[What is required] The data below holds a line containing "#63=CARTESIAN_POINT('',(0.,6.35,0.));" and a line containing "#106=ADVANCED_FACE('F88',(#102,#105),#91,.T.);"; please quote exactly those two lines and every line between them, and nothing else.

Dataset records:
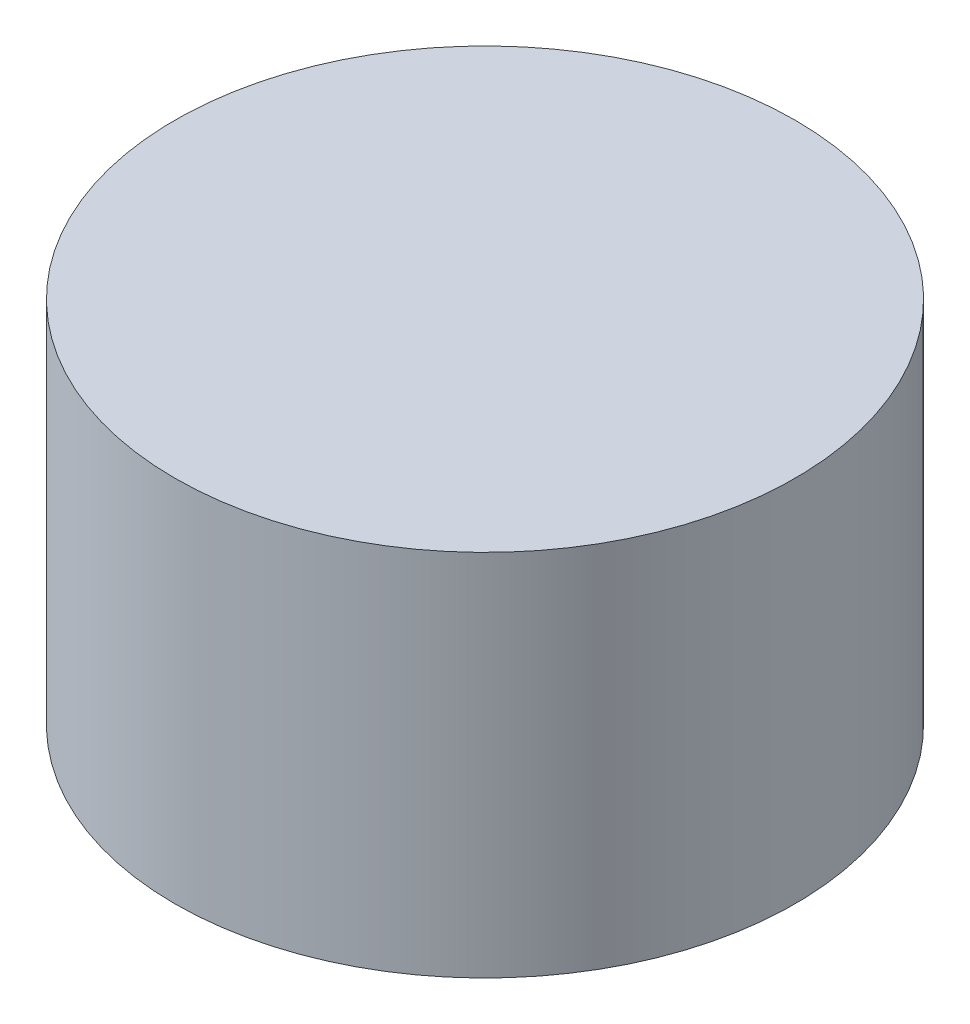
ISO-10303-21;
HEADER;
FILE_DESCRIPTION(('STEP AP214'),'2;1');
FILE_NAME('part.step','',(''),(''),'','','');
FILE_SCHEMA(('AUTOMOTIVE_DESIGN { 1 0 10303 214 1 1 1 1 }'));
ENDSEC;
DATA;
#1=APPLICATION_CONTEXT('core data for automotive mechanical design processes');
#2=APPLICATION_PROTOCOL_DEFINITION('international standard','automotive_design',2000,#1);
#3=PRODUCT_CONTEXT('',#1,'mechanical');
#4=PRODUCT('Part','Part','',(#3));
#5=PRODUCT_RELATED_PRODUCT_CATEGORY('part','',(#4));
#6=PRODUCT_DEFINITION_FORMATION('','',#4);
#7=PRODUCT_DEFINITION_CONTEXT('part definition',#1,'design');
#8=PRODUCT_DEFINITION('design','',#6,#7);
#9=PRODUCT_DEFINITION_SHAPE('','',#8);
#10=(LENGTH_UNIT() NAMED_UNIT(*) SI_UNIT(.MILLI.,.METRE.));
#11=(NAMED_UNIT(*) PLANE_ANGLE_UNIT() SI_UNIT($,.RADIAN.));
#12=(NAMED_UNIT(*) SI_UNIT($,.STERADIAN.) SOLID_ANGLE_UNIT());
#13=UNCERTAINTY_MEASURE_WITH_UNIT(LENGTH_MEASURE(1.E-05),#10,'distance_accuracy_value','');
#14=(GEOMETRIC_REPRESENTATION_CONTEXT(3) GLOBAL_UNCERTAINTY_ASSIGNED_CONTEXT((#13)) GLOBAL_UNIT_ASSIGNED_CONTEXT((#10,
#11,#12)) REPRESENTATION_CONTEXT('',''));
#15=CARTESIAN_POINT('',(0.,0.,0.));
#16=DIRECTION('',(0.,0.,1.));
#17=DIRECTION('',(1.,0.,0.));
#18=AXIS2_PLACEMENT_3D('',#15,#16,#17);
#19=CARTESIAN_POINT('',(0.,6.35,0.));
#20=DIRECTION('',(0.,-1.,0.));
#21=DIRECTION('',(0.,0.,-1.));
#22=AXIS2_PLACEMENT_3D('',#19,#20,#21);
#23=CYLINDRICAL_SURFACE('',#22,9.906);
#24=CARTESIAN_POINT('',(0.,-1.016,0.));
#25=DIRECTION('',(0.,-1.,0.));
#26=DIRECTION('',(0.,0.,-1.));
#27=AXIS2_PLACEMENT_3D('',#24,#25,#26);
#28=CIRCLE('',#27,9.906);
#29=CARTESIAN_POINT('',(0.,-1.016,-9.906));
#30=VERTEX_POINT('',#29);
#31=EDGE_CURVE('E45',#30,#30,#28,.F.);
#32=ORIENTED_EDGE('',*,*,#31,.T.);
#33=EDGE_LOOP('',(#32));
#34=FACE_BOUND('',#33,.T.);
#35=CARTESIAN_POINT('',(0.,0.253999999999997,0.));
#36=DIRECTION('',(0.,1.,0.));
#37=DIRECTION('',(0.,0.,1.));
#38=AXIS2_PLACEMENT_3D('',#35,#36,#37);
#39=CIRCLE('',#38,9.906);
#40=CARTESIAN_POINT('',(0.,0.253999999999997,9.906));
#41=VERTEX_POINT('',#40);
#42=EDGE_CURVE('E49',#41,#41,#39,.F.);
#43=ORIENTED_EDGE('',*,*,#42,.T.);
#44=EDGE_LOOP('',(#43));
#45=FACE_BOUND('',#44,.T.);
#46=ADVANCED_FACE('F41',(#34,#45),#23,.T.);
#47=CARTESIAN_POINT('',(0.,-27.7643990977358,0.));
#48=DIRECTION('',(0.,1.,0.));
#49=DIRECTION('',(0.,0.,1.));
#50=AXIS2_PLACEMENT_3D('',#47,#48,#49);
#51=CYLINDRICAL_SURFACE('',#50,9.525);
#52=CARTESIAN_POINT('',(0.,0.253999999999997,0.));
#53=DIRECTION('',(0.,1.,0.));
#54=DIRECTION('',(0.,0.,1.));
#55=AXIS2_PLACEMENT_3D('',#52,#53,#54);
#56=CIRCLE('',#55,9.525);
#57=CARTESIAN_POINT('',(0.,0.253999999999997,9.525));
#58=VERTEX_POINT('',#57);
#59=EDGE_CURVE('E57',#58,#58,#56,.F.);
#60=ORIENTED_EDGE('',*,*,#59,.F.);
#61=EDGE_LOOP('',(#60));
#62=FACE_BOUND('',#61,.T.);
#63=CARTESIAN_POINT('',(0.,6.35,0.));
#64=DIRECTION('',(0.,1.,0.));
#65=DIRECTION('',(0.,0.,1.));
#66=AXIS2_PLACEMENT_3D('',#63,#64,#65);
#67=CIRCLE('',#66,9.525);
#68=CARTESIAN_POINT('',(0.,6.35,9.525));
#69=VERTEX_POINT('',#68);
#70=EDGE_CURVE('E54',#69,#69,#67,.T.);
#71=ORIENTED_EDGE('',*,*,#70,.F.);
#72=EDGE_LOOP('',(#71));
#73=FACE_BOUND('',#72,.T.);
#74=ADVANCED_FACE('F80',(#62,#73),#51,.T.);
#75=CARTESIAN_POINT('',(-26.7335,0.253999999999999,-12.446));
#76=DIRECTION('',(0.,1.,0.));
#77=DIRECTION('',(-1.,0.,0.));
#78=AXIS2_PLACEMENT_3D('',#75,#76,#77);
#79=PLANE('',#78);
#80=ORIENTED_EDGE('',*,*,#42,.F.);
#81=EDGE_LOOP('',(#80));
#82=FACE_BOUND('',#81,.T.);
#83=ORIENTED_EDGE('',*,*,#59,.T.);
#84=EDGE_LOOP('',(#83));
#85=FACE_BOUND('',#84,.T.);
#86=ADVANCED_FACE('F78',(#82,#85),#79,.T.);
#87=CARTESIAN_POINT('',(0.,6.35,0.));
#88=DIRECTION('',(0.,1.,0.));
#89=DIRECTION('',(0.,0.,1.));
#90=AXIS2_PLACEMENT_3D('',#87,#88,#89);
#91=PLANE('',#90);
#92=CARTESIAN_POINT('',(0.,6.35,0.));
#93=DIRECTION('',(0.,1.,0.));
#94=DIRECTION('',(0.,0.,1.));
#95=AXIS2_PLACEMENT_3D('',#92,#93,#94);
#96=CIRCLE('',#95,6.604);
#97=CARTESIAN_POINT('',(0.,6.35,6.604));
#98=VERTEX_POINT('',#97);
#99=EDGE_CURVE('E61',#98,#98,#96,.T.);
#100=ORIENTED_EDGE('',*,*,#99,.F.);
#101=EDGE_LOOP('',(#100));
#102=FACE_BOUND('',#101,.T.);
#103=ORIENTED_EDGE('',*,*,#70,.T.);
#104=EDGE_LOOP('',(#103));
#105=FACE_BOUND('',#104,.T.);
#106=ADVANCED_FACE('F88',(#102,#105),#91,.T.);
#107=CARTESIAN_POINT('',(0.,-3.048,0.));
#108=DIRECTION('',(0.,1.,0.));
#109=DIRECTION('',(0.,0.,1.));
#110=AXIS2_PLACEMENT_3D('',#107,#108,#109);
#111=TOROIDAL_SURFACE('',#110,12.3455903344619,3.175);
#112=CARTESIAN_POINT('',(0.,-5.08,0.));
#113=DIRECTION('',(0.,1.,0.));
#114=DIRECTION('',(0.,0.,1.));
#115=AXIS2_PLACEMENT_3D('',#112,#113,#114);
#116=CIRCLE('',#115,9.906);
#117=CARTESIAN_POINT('',(0.,-5.08,9.906));
#118=VERTEX_POINT('',#117);
#119=EDGE_CURVE('E59',#118,#118,#116,.F.);
#120=ORIENTED_EDGE('',*,*,#119,.F.);
#121=EDGE_LOOP('',(#120));
#122=FACE_BOUND('',#121,.T.);
#123=ORIENTED_EDGE('',*,*,#31,.F.);
#124=EDGE_LOOP('',(#123));
#125=FACE_BOUND('',#124,.T.);
#126=ADVANCED_FACE('F96',(#122,#125),#111,.F.);
#127=CARTESIAN_POINT('',(0.,-6.35,0.));
#128=DIRECTION('',(0.,1.,0.));
#129=DIRECTION('',(0.,0.,1.));
#130=AXIS2_PLACEMENT_3D('',#127,#128,#129);
#131=PLANE('',#130);
#132=CARTESIAN_POINT('',(0.,-6.35,0.));
#133=DIRECTION('',(0.,-1.,0.));
#134=DIRECTION('',(0.,0.,-1.));
#135=AXIS2_PLACEMENT_3D('',#132,#133,#134);
#136=CIRCLE('',#135,6.604);
#137=CARTESIAN_POINT('',(0.,-6.35,-6.604));
#138=VERTEX_POINT('',#137);
#139=EDGE_CURVE('E66',#138,#138,#136,.T.);
#140=ORIENTED_EDGE('',*,*,#139,.F.);
#141=EDGE_LOOP('',(#140));
#142=FACE_BOUND('',#141,.T.);
#143=CARTESIAN_POINT('',(0.,-6.35,0.));
#144=DIRECTION('',(0.,1.,0.));
#145=DIRECTION('',(0.,0.,1.));
#146=AXIS2_PLACEMENT_3D('',#143,#144,#145);
#147=CIRCLE('',#146,9.906);
#148=CARTESIAN_POINT('',(0.,-6.35,9.906));
#149=VERTEX_POINT('',#148);
#150=EDGE_CURVE('E11',#149,#149,#147,.T.);
#151=ORIENTED_EDGE('',*,*,#150,.F.);
#152=EDGE_LOOP('',(#151));
#153=FACE_BOUND('',#152,.T.);
#154=ADVANCED_FACE('F98',(#142,#153),#131,.F.);
#155=ORIENTED_EDGE('',*,*,#119,.T.);
#156=EDGE_LOOP('',(#155));
#157=FACE_BOUND('',#156,.T.);
#158=ORIENTED_EDGE('',*,*,#150,.T.);
#159=EDGE_LOOP('',(#158));
#160=FACE_BOUND('',#159,.T.);
#161=ADVANCED_FACE('F43',(#157,#160),#23,.T.);
#162=CARTESIAN_POINT('',(0.,6.604,0.));
#163=DIRECTION('',(0.,-1.,0.));
#164=DIRECTION('',(0.,0.,-1.));
#165=AXIS2_PLACEMENT_3D('',#162,#163,#164);
#166=CYLINDRICAL_SURFACE('',#165,6.604);
#167=ORIENTED_EDGE('',*,*,#99,.T.);
#168=EDGE_LOOP('',(#167));
#169=FACE_BOUND('',#168,.T.);
#170=ORIENTED_EDGE('',*,*,#139,.T.);
#171=EDGE_LOOP('',(#170));
#172=FACE_BOUND('',#171,.T.);
#173=ADVANCED_FACE('F105',(#169,#172),#166,.F.);
#174=CLOSED_SHELL('',(#46,#74,#86,#106,#126,#154,#161,#173));
#175=MANIFOLD_SOLID_BREP('B2',#174);
#176=CARTESIAN_POINT('',(0.,6.604,0.));
#177=DIRECTION('',(0.,-1.,0.));
#178=DIRECTION('',(0.,0.,-1.));
#179=AXIS2_PLACEMENT_3D('',#176,#177,#178);
#180=CYLINDRICAL_SURFACE('',#179,11.1125);
#181=CARTESIAN_POINT('',(0.,6.604,0.));
#182=DIRECTION('',(0.,1.,0.));
#183=DIRECTION('',(0.,0.,1.));
#184=AXIS2_PLACEMENT_3D('',#181,#182,#183);
#185=CIRCLE('',#184,11.1125);
#186=CARTESIAN_POINT('',(0.,6.604,-11.1125));
#187=VERTEX_POINT('',#186);
#188=EDGE_CURVE('E40',#187,#187,#185,.T.);
#189=CARTESIAN_POINT('',(0.,-6.604,0.));
#190=DIRECTION('',(0.,1.,0.));
#191=DIRECTION('',(0.,0.,1.));
#192=AXIS2_PLACEMENT_3D('',#189,#190,#191);
#193=CIRCLE('',#192,11.1125);
#194=CARTESIAN_POINT('',(0.,-6.604,-11.1125));
#195=VERTEX_POINT('',#194);
#196=EDGE_CURVE('E164',#195,#195,#193,.T.);
#197=CARTESIAN_POINT('',(0.,6.604,-11.1125));
#198=CARTESIAN_POINT('',(0.,6.46641666666667,-11.1125));
#199=CARTESIAN_POINT('',(0.,6.32883333333333,-11.1125));
#200=CARTESIAN_POINT('',(0.,6.05366666666667,-11.1125));
#201=CARTESIAN_POINT('',(0.,5.91608333333333,-11.1125));
#202=CARTESIAN_POINT('',(0.,5.64091666666667,-11.1125));
#203=CARTESIAN_POINT('',(0.,5.50333333333333,-11.1125));
#204=CARTESIAN_POINT('',(0.,5.22816666666667,-11.1125));
#205=CARTESIAN_POINT('',(0.,5.09058333333333,-11.1125));
#206=CARTESIAN_POINT('',(0.,4.81541666666667,-11.1125));
#207=CARTESIAN_POINT('',(0.,4.67783333333333,-11.1125));
#208=CARTESIAN_POINT('',(0.,4.40266666666667,-11.1125));
#209=CARTESIAN_POINT('',(0.,4.26508333333333,-11.1125));
#210=CARTESIAN_POINT('',(0.,3.98991666666667,-11.1125));
#211=CARTESIAN_POINT('',(0.,3.85233333333333,-11.1125));
#212=CARTESIAN_POINT('',(0.,3.57716666666667,-11.1125));
#213=CARTESIAN_POINT('',(0.,3.43958333333333,-11.1125));
#214=CARTESIAN_POINT('',(0.,3.16441666666667,-11.1125));
#215=CARTESIAN_POINT('',(0.,3.02683333333333,-11.1125));
#216=CARTESIAN_POINT('',(0.,2.75166666666667,-11.1125));
#217=CARTESIAN_POINT('',(0.,2.61408333333333,-11.1125));
#218=CARTESIAN_POINT('',(0.,2.33891666666667,-11.1125));
#219=CARTESIAN_POINT('',(0.,2.20133333333333,-11.1125));
#220=CARTESIAN_POINT('',(0.,1.92616666666667,-11.1125));
#221=CARTESIAN_POINT('',(0.,1.78858333333333,-11.1125));
#222=CARTESIAN_POINT('',(0.,1.51341666666667,-11.1125));
#223=CARTESIAN_POINT('',(0.,1.37583333333333,-11.1125));
#224=CARTESIAN_POINT('',(0.,1.10066666666667,-11.1125));
#225=CARTESIAN_POINT('',(0.,0.963083333333332,-11.1125));
#226=CARTESIAN_POINT('',(0.,0.687916666666666,-11.1125));
#227=CARTESIAN_POINT('',(0.,0.550333333333332,-11.1125));
#228=CARTESIAN_POINT('',(0.,0.275166666666666,-11.1125));
#229=CARTESIAN_POINT('',(0.,0.137583333333332,-11.1125));
#230=CARTESIAN_POINT('',(0.,-0.137583333333334,-11.1125));
#231=CARTESIAN_POINT('',(0.,-0.275166666666668,-11.1125));
#232=CARTESIAN_POINT('',(0.,-0.550333333333334,-11.1125));
#233=CARTESIAN_POINT('',(0.,-0.687916666666667,-11.1125));
#234=CARTESIAN_POINT('',(0.,-0.963083333333333,-11.1125));
#235=CARTESIAN_POINT('',(0.,-1.10066666666667,-11.1125));
#236=CARTESIAN_POINT('',(0.,-1.37583333333333,-11.1125));
#237=CARTESIAN_POINT('',(0.,-1.51341666666667,-11.1125));
#238=CARTESIAN_POINT('',(0.,-1.78858333333333,-11.1125));
#239=CARTESIAN_POINT('',(0.,-1.92616666666667,-11.1125));
#240=CARTESIAN_POINT('',(0.,-2.20133333333333,-11.1125));
#241=CARTESIAN_POINT('',(0.,-2.33891666666667,-11.1125));
#242=CARTESIAN_POINT('',(0.,-2.61408333333333,-11.1125));
#243=CARTESIAN_POINT('',(0.,-2.75166666666667,-11.1125));
#244=CARTESIAN_POINT('',(0.,-3.02683333333333,-11.1125));
#245=CARTESIAN_POINT('',(0.,-3.16441666666667,-11.1125));
#246=CARTESIAN_POINT('',(0.,-3.43958333333333,-11.1125));
#247=CARTESIAN_POINT('',(0.,-3.57716666666667,-11.1125));
#248=CARTESIAN_POINT('',(0.,-3.85233333333333,-11.1125));
#249=CARTESIAN_POINT('',(0.,-3.98991666666667,-11.1125));
#250=CARTESIAN_POINT('',(0.,-4.26508333333333,-11.1125));
#251=CARTESIAN_POINT('',(0.,-4.40266666666667,-11.1125));
#252=CARTESIAN_POINT('',(0.,-4.67783333333333,-11.1125));
#253=CARTESIAN_POINT('',(0.,-4.81541666666667,-11.1125));
#254=CARTESIAN_POINT('',(0.,-5.09058333333333,-11.1125));
#255=CARTESIAN_POINT('',(0.,-5.22816666666667,-11.1125));
#256=CARTESIAN_POINT('',(0.,-5.50333333333333,-11.1125));
#257=CARTESIAN_POINT('',(0.,-5.64091666666667,-11.1125));
#258=CARTESIAN_POINT('',(0.,-5.91608333333333,-11.1125));
#259=CARTESIAN_POINT('',(0.,-6.05366666666667,-11.1125));
#260=CARTESIAN_POINT('',(0.,-6.32883333333333,-11.1125));
#261=CARTESIAN_POINT('',(0.,-6.46641666666667,-11.1125));
#262=CARTESIAN_POINT('',(0.,-6.604,-11.1125));
#263=B_SPLINE_CURVE_WITH_KNOTS('',3,(#197,#198,#199,#200,#201,#202,#203,#204,#205,#206,#207,
#208,#209,#210,#211,#212,#213,#214,#215,#216,#217,#218,#219,#220,#221,#222,#223,#224,#225,#226,
#227,#228,#229,#230,#231,#232,#233,#234,#235,#236,#237,#238,#239,#240,#241,#242,#243,#244,#245,
#246,#247,#248,#249,#250,#251,#252,#253,#254,#255,#256,#257,#258,#259,#260,#261,#262),
.UNSPECIFIED.,.F.,.F.,(4,2,2,2,2,2,2,2,2,2,2,2,2,2,2,2,2,2,2,2,2,2,2,2,2,2,2,2,2,2,2,2,4),(0.,
0.41275,0.8255,1.23825,1.651,2.06375,2.4765,2.88925,3.302,3.71475,4.1275,4.54025,4.953,5.36575,
5.7785,6.19125,6.604,7.01675,7.4295,7.84225,8.255,8.66775,9.0805,9.49325,9.906,10.31875,10.7315,
11.14425,11.557,11.96975,12.3825,12.79525,13.208),.UNSPECIFIED.);
#264=EDGE_CURVE('BSEAM161',#187,#195,#263,.T.);
#265=ORIENTED_EDGE('',*,*,#188,.F.);
#266=ORIENTED_EDGE('',*,*,#196,.T.);
#267=ORIENTED_EDGE('',*,*,#264,.T.);
#268=ORIENTED_EDGE('',*,*,#264,.F.);
#269=EDGE_LOOP('',(#265,#267,#266,#268));
#270=FACE_BOUND('',#269,.T.);
#271=ADVANCED_FACE('F161',(#270),#180,.T.);
#272=CARTESIAN_POINT('',(0.,6.604,0.));
#273=DIRECTION('',(0.,1.,0.));
#274=DIRECTION('',(0.,0.,1.));
#275=AXIS2_PLACEMENT_3D('',#272,#273,#274);
#276=PLANE('',#275);
#277=ORIENTED_EDGE('',*,*,#188,.T.);
#278=EDGE_LOOP('',(#277));
#279=FACE_BOUND('',#278,.T.);
#280=ADVANCED_FACE('F176',(#279),#276,.T.);
#281=CARTESIAN_POINT('',(0.,-6.604,0.));
#282=DIRECTION('',(0.,1.,0.));
#283=DIRECTION('',(0.,0.,1.));
#284=AXIS2_PLACEMENT_3D('',#281,#282,#283);
#285=PLANE('',#284);
#286=ORIENTED_EDGE('',*,*,#196,.F.);
#287=EDGE_LOOP('',(#286));
#288=FACE_BOUND('',#287,.T.);
#289=ADVANCED_FACE('F174',(#288),#285,.F.);
#290=CLOSED_SHELL('',(#271,#280,#289));
#291=MANIFOLD_SOLID_BREP('B6_NOT_SHOWN',#290);
#292=ADVANCED_BREP_SHAPE_REPRESENTATION('',(#18,#175,#291),#14);
#293=SHAPE_DEFINITION_REPRESENTATION(#9,#292);
ENDSEC;
END-ISO-10303-21;

[Finished task]
#63=CARTESIAN_POINT('',(0.,6.35,0.));
#64=DIRECTION('',(0.,1.,0.));
#65=DIRECTION('',(0.,0.,1.));
#66=AXIS2_PLACEMENT_3D('',#63,#64,#65);
#67=CIRCLE('',#66,9.525);
#68=CARTESIAN_POINT('',(0.,6.35,9.525));
#69=VERTEX_POINT('',#68);
#70=EDGE_CURVE('E54',#69,#69,#67,.T.);
#71=ORIENTED_EDGE('',*,*,#70,.F.);
#72=EDGE_LOOP('',(#71));
#73=FACE_BOUND('',#72,.T.);
#74=ADVANCED_FACE('F80',(#62,#73),#51,.T.);
#75=CARTESIAN_POINT('',(-26.7335,0.253999999999999,-12.446));
#76=DIRECTION('',(0.,1.,0.));
#77=DIRECTION('',(-1.,0.,0.));
#78=AXIS2_PLACEMENT_3D('',#75,#76,#77);
#79=PLANE('',#78);
#80=ORIENTED_EDGE('',*,*,#42,.F.);
#81=EDGE_LOOP('',(#80));
#82=FACE_BOUND('',#81,.T.);
#83=ORIENTED_EDGE('',*,*,#59,.T.);
#84=EDGE_LOOP('',(#83));
#85=FACE_BOUND('',#84,.T.);
#86=ADVANCED_FACE('F78',(#82,#85),#79,.T.);
#87=CARTESIAN_POINT('',(0.,6.35,0.));
#88=DIRECTION('',(0.,1.,0.));
#89=DIRECTION('',(0.,0.,1.));
#90=AXIS2_PLACEMENT_3D('',#87,#88,#89);
#91=PLANE('',#90);
#92=CARTESIAN_POINT('',(0.,6.35,0.));
#93=DIRECTION('',(0.,1.,0.));
#94=DIRECTION('',(0.,0.,1.));
#95=AXIS2_PLACEMENT_3D('',#92,#93,#94);
#96=CIRCLE('',#95,6.604);
#97=CARTESIAN_POINT('',(0.,6.35,6.604));
#98=VERTEX_POINT('',#97);
#99=EDGE_CURVE('E61',#98,#98,#96,.T.);
#100=ORIENTED_EDGE('',*,*,#99,.F.);
#101=EDGE_LOOP('',(#100));
#102=FACE_BOUND('',#101,.T.);
#103=ORIENTED_EDGE('',*,*,#70,.T.);
#104=EDGE_LOOP('',(#103));
#105=FACE_BOUND('',#104,.T.);
#106=ADVANCED_FACE('F88',(#102,#105),#91,.T.);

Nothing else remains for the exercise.